— Ваше дело. Ну, уж во всяком случае вы знаете, что я человек беспутный, никогда от меня проку не было и не будет.
— Вот насчет того, что „не будет“, — этого я не знаю.
— Ну, а я-то знаю, можете мне поверить. Так вот, если вы можете терпеть у себя в доме такую никчемную личность с сомнительной репутацией, я бы хотел, чтобы вы позволили мне приходить к вам запросто, когда мне вздумается, чтобы я чувствовал себя у вас своим человеком; смотрите на меня как на лишнюю мебель (я бы сказал — уродливую, — если бы не это сходство, которое есть между нами), этакий старый диван, который не замечают и держат потому, что он долго служил. Не бойтесь, что я стану злоупотреблять этим правом, наверно я воспользуюсь им не больше четырех раз в год. Но мне будет приятно сознавать, что оно у меня есть.
— А вы в этом сомневаетесь?
— Вот это прекрасный ответ, — я вижу, мое предложение принято. Благодарю, Дарней. Вы разрешаете мне называть вас так, просто, без церемоний?
— Конечно, Картон! Давно пора бросить эти церемонии.
Они пожали друг другу руки, и Сидни отошел. А через минуту он уже сидел, как всегда, молча, с обычным своим безучастным видом, ничем не обнаруживая своего присутствия, как будто его здесь и не было.
Вечером, когда он ушел и молодые остались в тесном семейном кругу с доктором, мистером Лорри и мисс Просс, Чарльз Дарней рассказал о своем разговоре с Картоном и заметил, что его удивляет такое ужасное легкомыслие и распущенность. Он не осуждал Картона, не возмущался им, а говорил о нем, как, вероятно, говорил бы всякий, видевший Картона таким, каким он бывал на людях.

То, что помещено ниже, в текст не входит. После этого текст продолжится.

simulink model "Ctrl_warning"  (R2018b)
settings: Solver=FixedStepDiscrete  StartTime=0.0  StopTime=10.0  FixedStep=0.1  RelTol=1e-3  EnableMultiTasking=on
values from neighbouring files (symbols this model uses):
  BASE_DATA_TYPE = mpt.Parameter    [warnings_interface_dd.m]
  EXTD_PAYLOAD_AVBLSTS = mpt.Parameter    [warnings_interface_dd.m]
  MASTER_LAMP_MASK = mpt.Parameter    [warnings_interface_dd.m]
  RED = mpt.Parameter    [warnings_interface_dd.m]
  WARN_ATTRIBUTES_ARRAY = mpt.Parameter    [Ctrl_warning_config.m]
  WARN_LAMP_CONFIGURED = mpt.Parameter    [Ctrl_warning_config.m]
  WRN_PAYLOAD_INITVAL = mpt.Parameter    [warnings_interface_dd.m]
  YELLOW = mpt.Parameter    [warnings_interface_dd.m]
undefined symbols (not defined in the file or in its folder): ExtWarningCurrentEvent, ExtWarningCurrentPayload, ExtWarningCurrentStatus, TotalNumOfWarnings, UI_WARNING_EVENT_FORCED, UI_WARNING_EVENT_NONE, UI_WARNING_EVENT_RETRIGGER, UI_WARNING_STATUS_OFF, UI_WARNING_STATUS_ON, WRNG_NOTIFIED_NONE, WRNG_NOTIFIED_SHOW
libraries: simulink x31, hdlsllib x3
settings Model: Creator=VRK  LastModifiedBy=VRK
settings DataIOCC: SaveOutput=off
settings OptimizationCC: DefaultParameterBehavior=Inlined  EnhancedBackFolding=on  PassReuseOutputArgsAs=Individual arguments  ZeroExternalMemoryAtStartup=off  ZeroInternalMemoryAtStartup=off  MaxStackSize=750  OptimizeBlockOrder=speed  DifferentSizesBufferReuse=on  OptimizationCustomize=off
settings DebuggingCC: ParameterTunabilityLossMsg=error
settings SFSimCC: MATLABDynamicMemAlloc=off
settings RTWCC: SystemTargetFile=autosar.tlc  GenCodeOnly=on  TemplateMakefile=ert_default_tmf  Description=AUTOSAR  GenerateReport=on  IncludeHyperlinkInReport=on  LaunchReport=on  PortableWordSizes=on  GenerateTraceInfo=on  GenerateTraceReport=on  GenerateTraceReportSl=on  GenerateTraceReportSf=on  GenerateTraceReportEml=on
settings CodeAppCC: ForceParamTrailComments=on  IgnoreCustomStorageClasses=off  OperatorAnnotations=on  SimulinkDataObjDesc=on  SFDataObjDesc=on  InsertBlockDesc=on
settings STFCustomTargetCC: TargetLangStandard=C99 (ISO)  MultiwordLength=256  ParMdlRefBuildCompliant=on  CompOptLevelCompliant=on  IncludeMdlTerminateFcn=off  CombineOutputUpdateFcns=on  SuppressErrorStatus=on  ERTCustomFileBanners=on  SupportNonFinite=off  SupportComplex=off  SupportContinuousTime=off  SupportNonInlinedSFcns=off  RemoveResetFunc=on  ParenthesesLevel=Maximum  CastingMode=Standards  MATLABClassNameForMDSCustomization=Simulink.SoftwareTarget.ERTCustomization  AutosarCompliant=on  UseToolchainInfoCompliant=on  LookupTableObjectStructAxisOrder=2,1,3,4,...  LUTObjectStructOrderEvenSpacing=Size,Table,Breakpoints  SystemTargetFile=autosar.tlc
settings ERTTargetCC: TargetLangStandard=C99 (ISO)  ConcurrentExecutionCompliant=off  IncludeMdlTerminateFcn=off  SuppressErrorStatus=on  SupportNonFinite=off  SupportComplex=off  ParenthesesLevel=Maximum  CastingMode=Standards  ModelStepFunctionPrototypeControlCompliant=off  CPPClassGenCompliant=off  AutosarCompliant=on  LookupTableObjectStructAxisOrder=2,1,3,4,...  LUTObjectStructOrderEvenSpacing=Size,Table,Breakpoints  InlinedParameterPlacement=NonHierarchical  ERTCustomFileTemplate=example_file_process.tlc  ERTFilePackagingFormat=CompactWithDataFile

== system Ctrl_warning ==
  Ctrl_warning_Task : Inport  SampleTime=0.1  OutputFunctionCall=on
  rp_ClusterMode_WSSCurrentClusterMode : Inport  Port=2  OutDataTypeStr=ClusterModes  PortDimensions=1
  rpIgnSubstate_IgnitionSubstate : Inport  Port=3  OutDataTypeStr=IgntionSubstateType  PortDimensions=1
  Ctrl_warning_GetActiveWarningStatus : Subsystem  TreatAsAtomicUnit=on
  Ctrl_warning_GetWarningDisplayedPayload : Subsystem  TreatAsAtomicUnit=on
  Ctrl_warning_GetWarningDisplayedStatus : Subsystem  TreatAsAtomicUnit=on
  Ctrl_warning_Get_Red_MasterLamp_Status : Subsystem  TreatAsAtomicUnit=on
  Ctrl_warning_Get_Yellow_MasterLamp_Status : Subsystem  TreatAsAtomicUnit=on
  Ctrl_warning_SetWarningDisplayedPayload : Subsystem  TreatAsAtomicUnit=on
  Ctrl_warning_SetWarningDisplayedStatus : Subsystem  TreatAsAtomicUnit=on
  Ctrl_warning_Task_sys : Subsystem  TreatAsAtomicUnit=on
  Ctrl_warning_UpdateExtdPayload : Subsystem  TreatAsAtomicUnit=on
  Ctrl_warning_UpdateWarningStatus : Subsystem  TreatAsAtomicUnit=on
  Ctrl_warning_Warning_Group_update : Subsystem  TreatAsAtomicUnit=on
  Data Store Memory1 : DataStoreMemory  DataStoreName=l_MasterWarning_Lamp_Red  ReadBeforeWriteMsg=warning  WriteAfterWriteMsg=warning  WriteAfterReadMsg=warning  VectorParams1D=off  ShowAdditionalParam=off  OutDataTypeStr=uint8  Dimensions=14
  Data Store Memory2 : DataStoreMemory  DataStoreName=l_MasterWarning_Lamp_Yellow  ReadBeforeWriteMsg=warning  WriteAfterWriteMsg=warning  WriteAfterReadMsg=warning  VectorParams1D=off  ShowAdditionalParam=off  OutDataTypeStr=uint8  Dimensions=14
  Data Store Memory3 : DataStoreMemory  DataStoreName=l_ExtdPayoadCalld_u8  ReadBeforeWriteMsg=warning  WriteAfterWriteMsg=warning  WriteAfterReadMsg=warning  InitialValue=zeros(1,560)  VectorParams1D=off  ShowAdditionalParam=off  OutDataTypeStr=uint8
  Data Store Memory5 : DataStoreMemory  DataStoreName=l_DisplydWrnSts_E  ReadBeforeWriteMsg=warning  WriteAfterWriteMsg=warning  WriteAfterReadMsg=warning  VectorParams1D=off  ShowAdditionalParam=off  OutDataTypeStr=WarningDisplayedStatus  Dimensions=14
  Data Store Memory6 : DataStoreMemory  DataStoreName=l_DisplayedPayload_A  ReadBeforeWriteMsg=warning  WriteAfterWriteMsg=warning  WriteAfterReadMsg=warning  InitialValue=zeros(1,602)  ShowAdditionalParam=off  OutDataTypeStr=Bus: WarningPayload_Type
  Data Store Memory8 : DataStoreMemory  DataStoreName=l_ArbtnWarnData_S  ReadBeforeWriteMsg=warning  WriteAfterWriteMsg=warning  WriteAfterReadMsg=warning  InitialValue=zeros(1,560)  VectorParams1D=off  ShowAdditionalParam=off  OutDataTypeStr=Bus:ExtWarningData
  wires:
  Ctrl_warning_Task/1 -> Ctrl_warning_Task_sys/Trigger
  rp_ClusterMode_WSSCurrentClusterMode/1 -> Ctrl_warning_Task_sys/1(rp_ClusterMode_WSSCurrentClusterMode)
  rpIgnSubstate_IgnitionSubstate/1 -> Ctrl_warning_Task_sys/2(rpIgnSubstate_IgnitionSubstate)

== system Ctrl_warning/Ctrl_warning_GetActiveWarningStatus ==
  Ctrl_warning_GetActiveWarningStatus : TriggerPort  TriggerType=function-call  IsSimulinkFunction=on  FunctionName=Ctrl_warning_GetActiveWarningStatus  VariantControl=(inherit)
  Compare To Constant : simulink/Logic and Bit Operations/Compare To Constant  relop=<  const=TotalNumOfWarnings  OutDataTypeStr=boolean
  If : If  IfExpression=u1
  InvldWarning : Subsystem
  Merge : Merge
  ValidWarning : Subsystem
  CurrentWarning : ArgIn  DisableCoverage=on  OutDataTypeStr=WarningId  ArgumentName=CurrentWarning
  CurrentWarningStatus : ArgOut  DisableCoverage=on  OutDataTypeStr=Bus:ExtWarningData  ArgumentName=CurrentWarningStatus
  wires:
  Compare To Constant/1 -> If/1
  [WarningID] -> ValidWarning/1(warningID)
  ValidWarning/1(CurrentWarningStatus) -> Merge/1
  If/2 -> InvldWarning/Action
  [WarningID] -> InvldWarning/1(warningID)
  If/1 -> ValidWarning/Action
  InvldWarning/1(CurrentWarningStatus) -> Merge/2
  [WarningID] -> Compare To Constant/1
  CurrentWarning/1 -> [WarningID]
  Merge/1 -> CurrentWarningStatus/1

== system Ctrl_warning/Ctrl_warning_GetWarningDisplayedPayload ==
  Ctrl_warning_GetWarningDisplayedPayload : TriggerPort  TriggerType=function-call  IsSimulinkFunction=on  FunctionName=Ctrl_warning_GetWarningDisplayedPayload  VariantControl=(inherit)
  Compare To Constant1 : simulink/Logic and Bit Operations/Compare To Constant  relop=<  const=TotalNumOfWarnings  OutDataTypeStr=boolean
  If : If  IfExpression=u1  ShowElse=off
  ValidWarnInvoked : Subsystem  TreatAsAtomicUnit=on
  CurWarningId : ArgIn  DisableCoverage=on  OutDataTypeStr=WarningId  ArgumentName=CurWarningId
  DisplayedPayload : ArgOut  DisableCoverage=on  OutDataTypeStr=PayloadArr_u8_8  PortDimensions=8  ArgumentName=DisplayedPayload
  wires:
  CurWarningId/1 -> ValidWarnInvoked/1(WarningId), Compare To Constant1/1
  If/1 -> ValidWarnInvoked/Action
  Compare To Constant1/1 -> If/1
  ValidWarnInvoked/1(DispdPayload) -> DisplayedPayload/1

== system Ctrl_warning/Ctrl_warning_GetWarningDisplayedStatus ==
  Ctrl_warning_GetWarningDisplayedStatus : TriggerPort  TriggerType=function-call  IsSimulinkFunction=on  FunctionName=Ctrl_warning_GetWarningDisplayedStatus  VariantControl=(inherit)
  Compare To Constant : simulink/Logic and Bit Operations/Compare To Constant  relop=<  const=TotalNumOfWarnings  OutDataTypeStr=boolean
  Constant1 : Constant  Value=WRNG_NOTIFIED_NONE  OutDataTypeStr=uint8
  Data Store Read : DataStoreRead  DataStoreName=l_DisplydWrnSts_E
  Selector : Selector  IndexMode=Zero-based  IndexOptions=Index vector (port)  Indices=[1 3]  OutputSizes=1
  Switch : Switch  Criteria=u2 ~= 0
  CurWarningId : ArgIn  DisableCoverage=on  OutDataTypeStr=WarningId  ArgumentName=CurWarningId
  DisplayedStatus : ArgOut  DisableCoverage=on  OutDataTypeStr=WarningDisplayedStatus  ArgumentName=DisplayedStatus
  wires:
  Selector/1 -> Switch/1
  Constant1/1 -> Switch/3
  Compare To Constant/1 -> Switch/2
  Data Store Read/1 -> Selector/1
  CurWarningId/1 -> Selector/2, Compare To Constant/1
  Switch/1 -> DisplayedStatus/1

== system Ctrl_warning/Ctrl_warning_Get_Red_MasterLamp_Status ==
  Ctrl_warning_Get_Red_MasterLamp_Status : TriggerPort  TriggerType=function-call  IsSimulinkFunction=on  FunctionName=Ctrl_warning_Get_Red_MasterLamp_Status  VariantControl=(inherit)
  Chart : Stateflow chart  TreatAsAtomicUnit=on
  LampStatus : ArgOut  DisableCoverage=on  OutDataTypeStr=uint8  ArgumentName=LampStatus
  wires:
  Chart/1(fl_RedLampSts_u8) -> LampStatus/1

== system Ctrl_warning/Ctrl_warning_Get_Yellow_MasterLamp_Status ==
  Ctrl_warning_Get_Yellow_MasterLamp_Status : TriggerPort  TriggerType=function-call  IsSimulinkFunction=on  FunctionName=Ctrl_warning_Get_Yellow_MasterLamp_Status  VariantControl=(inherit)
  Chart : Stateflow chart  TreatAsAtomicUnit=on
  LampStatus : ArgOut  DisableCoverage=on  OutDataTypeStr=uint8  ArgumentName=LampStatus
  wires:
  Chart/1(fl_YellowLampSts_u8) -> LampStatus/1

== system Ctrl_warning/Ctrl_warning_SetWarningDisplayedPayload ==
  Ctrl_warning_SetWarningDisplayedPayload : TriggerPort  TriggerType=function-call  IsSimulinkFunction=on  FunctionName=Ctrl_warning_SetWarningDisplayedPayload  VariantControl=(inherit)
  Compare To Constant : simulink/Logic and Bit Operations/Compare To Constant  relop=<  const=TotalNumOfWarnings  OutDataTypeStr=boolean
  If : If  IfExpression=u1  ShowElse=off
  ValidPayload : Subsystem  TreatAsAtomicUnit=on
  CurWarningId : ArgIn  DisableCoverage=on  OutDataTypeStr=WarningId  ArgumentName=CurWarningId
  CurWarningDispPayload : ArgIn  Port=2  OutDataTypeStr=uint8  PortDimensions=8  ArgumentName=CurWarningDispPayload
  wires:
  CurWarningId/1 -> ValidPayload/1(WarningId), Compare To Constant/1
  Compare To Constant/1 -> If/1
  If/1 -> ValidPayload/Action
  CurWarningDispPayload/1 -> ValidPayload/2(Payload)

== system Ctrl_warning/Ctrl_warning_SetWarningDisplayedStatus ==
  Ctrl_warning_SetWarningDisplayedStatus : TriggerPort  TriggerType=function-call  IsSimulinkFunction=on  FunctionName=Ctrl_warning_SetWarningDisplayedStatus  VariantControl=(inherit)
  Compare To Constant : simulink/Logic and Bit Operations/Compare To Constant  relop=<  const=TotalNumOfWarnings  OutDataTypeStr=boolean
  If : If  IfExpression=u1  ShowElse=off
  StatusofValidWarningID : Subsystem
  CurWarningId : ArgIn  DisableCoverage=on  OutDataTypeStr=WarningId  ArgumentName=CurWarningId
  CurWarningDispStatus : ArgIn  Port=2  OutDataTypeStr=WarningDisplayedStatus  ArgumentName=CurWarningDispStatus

Дарней не подозревал, что его слова заставили задуматься его молодую жену; но когда он поднялся вслед за ней наверх и они остались вдвоем у себя в спальне, он увидел на ее лице знакомое ему выражение задумчивой сосредоточенности — чуть заметную морщинку, проступившую между слегка приподнятыми бровями.
— Мы сегодня что-то грустим, — ласково промолвил Дарней, обнимая ее за плечи.
— Да, милый Чарльз, — сказала она и, положив ему руки на грудь, подняла на него задумчивый, озабоченный взгляд, — мне взгрустнулось оттого, что я сегодня о чем-то вспомнила.
— О чем же, Люси?
— Обещай, что, если я попрошу тебя не спрашивать, ты не будешь задавать никаких вопросов?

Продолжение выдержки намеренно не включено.